• [Exercise objective]: Please tally the lines below that contain the string "drill" and reply with that figure only.

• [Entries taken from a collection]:
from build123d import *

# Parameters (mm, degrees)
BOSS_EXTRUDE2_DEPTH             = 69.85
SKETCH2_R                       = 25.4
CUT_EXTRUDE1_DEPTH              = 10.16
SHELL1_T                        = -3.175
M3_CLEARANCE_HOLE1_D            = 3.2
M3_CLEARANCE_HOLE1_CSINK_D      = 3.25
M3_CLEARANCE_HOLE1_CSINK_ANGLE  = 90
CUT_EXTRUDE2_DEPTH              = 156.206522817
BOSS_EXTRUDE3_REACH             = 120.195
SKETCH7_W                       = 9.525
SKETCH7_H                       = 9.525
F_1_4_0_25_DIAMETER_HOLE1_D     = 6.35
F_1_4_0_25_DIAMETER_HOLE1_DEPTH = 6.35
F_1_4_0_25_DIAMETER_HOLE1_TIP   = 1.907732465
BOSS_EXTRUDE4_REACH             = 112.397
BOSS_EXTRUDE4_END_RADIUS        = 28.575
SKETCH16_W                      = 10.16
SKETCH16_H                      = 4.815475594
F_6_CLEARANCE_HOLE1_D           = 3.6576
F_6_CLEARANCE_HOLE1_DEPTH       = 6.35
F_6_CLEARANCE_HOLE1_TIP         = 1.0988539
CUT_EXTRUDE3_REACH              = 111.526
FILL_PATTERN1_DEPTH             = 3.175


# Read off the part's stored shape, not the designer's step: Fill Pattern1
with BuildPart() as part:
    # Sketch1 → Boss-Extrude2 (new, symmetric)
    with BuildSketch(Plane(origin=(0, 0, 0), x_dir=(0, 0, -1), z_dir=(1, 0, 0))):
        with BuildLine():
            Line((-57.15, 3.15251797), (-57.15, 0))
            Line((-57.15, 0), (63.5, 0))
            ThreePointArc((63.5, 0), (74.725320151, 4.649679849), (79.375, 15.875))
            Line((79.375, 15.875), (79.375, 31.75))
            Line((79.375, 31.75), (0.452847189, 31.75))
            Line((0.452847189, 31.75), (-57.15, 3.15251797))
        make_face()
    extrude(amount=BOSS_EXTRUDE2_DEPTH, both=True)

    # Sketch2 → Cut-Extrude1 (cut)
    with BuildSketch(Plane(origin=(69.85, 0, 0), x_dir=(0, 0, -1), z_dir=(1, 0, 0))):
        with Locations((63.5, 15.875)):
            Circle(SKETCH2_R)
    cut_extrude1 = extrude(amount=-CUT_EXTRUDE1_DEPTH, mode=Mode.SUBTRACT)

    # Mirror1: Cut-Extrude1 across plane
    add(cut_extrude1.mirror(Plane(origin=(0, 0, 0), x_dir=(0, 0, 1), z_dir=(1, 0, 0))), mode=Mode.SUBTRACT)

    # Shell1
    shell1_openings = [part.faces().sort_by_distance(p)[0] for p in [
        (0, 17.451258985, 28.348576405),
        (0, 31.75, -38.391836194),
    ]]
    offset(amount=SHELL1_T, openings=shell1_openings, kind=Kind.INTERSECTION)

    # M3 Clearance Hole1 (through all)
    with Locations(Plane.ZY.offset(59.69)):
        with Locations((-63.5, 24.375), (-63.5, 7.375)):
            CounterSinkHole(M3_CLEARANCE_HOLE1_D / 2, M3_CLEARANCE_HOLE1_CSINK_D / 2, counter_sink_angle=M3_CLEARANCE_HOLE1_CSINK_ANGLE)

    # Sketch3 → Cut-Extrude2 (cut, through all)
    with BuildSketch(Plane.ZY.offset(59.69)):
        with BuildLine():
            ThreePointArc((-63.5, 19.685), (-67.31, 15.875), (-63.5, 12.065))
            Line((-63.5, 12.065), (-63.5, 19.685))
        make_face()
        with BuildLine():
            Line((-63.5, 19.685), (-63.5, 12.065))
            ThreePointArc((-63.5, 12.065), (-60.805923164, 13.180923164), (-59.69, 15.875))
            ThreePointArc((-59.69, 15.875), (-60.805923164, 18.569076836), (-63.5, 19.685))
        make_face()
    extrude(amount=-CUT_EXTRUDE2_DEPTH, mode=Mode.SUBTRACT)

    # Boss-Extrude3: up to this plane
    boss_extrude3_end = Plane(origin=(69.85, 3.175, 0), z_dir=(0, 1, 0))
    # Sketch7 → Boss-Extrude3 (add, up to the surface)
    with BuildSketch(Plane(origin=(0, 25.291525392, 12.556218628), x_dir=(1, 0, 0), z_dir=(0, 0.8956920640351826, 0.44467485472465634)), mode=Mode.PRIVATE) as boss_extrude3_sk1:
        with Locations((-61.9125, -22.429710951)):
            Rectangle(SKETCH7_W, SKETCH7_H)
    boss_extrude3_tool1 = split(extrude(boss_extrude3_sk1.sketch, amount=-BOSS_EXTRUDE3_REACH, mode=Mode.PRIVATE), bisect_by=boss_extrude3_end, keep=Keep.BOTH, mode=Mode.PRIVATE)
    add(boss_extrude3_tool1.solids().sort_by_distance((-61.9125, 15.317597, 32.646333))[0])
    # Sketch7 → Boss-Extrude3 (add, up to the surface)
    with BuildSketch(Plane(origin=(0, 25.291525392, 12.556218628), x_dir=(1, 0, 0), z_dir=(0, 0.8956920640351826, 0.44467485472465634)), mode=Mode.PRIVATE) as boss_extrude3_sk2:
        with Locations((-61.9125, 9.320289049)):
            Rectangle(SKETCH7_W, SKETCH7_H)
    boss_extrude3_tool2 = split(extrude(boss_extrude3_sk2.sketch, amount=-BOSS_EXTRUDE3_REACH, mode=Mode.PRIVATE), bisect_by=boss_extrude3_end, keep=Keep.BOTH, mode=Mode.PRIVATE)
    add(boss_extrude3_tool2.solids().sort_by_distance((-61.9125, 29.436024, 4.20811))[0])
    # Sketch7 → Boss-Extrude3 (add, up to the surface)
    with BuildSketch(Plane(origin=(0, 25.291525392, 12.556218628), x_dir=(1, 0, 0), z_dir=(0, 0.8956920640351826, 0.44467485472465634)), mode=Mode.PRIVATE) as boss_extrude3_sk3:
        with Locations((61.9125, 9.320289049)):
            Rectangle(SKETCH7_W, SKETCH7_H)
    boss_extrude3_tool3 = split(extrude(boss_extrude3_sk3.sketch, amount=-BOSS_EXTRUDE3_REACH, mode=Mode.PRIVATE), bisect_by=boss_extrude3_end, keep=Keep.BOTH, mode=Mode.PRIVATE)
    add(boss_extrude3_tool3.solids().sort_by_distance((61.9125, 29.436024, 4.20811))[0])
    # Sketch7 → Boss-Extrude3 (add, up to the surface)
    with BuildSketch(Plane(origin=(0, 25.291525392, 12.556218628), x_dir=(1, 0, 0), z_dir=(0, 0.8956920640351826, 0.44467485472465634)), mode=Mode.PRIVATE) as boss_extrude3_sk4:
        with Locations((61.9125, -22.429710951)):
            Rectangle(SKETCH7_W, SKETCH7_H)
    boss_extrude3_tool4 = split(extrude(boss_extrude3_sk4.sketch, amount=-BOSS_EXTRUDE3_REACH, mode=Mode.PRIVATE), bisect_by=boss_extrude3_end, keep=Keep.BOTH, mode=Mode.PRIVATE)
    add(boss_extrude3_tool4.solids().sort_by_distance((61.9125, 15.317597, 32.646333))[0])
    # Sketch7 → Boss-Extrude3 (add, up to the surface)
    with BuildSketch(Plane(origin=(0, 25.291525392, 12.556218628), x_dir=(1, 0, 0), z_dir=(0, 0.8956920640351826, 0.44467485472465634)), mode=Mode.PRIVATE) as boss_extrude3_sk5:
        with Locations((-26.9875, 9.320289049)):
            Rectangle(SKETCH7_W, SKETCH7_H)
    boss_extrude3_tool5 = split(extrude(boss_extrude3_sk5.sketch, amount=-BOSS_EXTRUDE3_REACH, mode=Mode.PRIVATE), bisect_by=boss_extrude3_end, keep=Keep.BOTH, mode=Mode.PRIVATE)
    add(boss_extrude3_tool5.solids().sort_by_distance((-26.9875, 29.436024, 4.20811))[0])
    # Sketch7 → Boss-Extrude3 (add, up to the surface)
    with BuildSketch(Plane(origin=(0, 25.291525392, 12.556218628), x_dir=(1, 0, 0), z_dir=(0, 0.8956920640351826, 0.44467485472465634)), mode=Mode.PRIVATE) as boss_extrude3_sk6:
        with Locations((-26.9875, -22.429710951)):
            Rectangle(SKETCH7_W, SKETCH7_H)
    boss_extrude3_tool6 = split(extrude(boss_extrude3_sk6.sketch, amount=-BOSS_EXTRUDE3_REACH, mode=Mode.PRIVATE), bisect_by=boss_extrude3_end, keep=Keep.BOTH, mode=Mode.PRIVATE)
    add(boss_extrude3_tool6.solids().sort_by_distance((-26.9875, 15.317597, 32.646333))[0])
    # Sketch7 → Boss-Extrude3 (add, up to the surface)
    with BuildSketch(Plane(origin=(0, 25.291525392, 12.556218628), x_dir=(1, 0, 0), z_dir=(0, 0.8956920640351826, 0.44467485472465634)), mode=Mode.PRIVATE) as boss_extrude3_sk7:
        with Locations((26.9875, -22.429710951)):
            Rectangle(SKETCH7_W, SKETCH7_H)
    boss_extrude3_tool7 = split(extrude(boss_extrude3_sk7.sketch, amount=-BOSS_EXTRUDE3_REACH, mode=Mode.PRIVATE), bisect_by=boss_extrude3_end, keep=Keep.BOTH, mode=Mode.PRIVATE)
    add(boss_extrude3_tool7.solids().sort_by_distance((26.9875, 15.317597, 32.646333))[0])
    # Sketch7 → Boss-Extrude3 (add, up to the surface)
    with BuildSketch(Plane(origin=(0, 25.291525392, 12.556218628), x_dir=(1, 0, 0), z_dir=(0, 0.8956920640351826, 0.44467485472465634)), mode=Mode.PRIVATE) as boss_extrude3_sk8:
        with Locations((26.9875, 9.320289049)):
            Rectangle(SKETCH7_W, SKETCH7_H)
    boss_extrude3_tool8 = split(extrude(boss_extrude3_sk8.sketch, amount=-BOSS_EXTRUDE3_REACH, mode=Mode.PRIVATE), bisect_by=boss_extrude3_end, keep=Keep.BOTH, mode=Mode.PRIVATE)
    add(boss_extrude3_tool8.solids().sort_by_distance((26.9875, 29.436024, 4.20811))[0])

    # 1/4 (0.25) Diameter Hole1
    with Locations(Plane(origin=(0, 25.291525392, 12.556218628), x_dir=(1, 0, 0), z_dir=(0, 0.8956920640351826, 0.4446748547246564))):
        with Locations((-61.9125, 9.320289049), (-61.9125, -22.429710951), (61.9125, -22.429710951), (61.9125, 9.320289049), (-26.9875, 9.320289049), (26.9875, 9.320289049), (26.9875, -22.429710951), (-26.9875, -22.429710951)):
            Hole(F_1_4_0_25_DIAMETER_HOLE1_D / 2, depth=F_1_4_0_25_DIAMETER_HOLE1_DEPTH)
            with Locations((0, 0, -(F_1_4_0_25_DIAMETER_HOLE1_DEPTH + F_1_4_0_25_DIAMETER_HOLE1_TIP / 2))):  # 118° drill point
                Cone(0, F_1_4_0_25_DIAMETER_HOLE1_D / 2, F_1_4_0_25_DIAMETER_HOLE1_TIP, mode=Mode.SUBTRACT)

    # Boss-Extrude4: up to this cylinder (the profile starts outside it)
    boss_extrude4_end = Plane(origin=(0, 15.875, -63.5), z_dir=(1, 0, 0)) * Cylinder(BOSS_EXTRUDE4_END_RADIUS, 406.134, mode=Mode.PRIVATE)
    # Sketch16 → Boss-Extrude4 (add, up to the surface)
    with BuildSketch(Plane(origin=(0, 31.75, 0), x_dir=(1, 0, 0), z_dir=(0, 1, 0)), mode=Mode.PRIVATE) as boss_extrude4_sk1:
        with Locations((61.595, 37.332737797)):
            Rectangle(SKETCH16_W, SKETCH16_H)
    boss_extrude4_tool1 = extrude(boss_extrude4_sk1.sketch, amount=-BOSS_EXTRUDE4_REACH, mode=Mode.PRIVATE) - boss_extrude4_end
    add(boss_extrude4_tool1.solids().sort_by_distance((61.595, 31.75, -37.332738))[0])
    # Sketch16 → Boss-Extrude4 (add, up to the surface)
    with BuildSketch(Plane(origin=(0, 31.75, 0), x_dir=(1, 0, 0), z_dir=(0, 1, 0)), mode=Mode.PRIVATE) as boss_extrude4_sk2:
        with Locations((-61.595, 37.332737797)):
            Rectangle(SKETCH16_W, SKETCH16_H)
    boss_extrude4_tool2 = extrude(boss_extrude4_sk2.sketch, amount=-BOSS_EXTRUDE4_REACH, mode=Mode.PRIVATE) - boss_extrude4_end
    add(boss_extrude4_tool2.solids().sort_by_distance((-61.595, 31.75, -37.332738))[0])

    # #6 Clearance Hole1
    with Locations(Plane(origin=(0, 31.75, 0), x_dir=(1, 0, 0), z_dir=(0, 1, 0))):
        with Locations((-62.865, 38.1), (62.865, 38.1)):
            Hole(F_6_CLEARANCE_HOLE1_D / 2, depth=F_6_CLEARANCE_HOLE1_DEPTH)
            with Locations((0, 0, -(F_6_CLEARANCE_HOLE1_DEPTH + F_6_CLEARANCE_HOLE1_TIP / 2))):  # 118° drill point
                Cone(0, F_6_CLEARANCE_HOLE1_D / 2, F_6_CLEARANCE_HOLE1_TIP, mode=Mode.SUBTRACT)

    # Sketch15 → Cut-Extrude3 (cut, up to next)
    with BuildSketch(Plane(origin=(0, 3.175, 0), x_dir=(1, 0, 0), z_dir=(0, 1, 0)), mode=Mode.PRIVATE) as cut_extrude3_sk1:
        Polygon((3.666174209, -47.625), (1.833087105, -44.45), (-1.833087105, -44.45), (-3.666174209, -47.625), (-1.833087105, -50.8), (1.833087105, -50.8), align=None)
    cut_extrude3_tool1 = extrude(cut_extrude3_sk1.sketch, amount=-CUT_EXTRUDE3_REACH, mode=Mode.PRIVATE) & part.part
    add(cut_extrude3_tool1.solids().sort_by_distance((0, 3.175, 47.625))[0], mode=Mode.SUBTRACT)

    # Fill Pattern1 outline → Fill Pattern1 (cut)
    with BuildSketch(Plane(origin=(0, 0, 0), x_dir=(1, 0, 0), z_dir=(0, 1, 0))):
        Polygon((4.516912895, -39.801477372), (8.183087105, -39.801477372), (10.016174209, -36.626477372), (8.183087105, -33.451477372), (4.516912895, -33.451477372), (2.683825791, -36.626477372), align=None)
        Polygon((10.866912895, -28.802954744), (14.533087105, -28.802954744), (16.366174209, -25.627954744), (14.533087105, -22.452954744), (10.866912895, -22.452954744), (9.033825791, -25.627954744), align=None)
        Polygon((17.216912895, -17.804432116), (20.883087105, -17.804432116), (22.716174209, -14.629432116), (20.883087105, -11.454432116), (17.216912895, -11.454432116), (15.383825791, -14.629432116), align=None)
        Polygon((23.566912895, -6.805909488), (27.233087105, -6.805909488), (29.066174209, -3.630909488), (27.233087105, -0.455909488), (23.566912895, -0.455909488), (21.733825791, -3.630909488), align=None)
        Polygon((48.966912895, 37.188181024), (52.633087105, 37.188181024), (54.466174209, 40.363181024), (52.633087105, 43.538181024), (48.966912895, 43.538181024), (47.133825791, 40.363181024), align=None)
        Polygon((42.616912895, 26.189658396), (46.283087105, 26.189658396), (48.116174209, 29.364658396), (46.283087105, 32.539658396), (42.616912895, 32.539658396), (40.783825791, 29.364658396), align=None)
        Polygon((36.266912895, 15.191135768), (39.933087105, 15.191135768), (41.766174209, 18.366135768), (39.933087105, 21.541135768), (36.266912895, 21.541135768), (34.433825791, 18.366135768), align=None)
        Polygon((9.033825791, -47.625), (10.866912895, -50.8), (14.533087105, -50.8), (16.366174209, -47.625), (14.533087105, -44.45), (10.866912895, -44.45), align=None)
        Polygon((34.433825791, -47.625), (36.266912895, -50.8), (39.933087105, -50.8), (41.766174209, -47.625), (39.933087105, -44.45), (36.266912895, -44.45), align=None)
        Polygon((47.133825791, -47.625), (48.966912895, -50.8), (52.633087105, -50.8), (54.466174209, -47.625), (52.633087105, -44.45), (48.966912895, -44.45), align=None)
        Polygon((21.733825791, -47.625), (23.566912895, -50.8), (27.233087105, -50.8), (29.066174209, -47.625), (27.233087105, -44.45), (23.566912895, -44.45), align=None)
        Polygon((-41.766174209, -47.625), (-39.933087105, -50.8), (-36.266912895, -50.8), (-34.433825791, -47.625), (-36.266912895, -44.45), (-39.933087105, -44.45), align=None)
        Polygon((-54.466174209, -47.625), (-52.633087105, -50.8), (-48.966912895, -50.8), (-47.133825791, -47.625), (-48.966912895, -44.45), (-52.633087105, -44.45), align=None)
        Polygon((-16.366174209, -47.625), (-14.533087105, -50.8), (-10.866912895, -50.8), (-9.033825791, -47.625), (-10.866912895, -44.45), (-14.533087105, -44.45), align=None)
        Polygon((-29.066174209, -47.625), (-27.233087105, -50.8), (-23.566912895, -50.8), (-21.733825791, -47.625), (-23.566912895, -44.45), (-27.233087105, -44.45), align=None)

• [Task result]: 2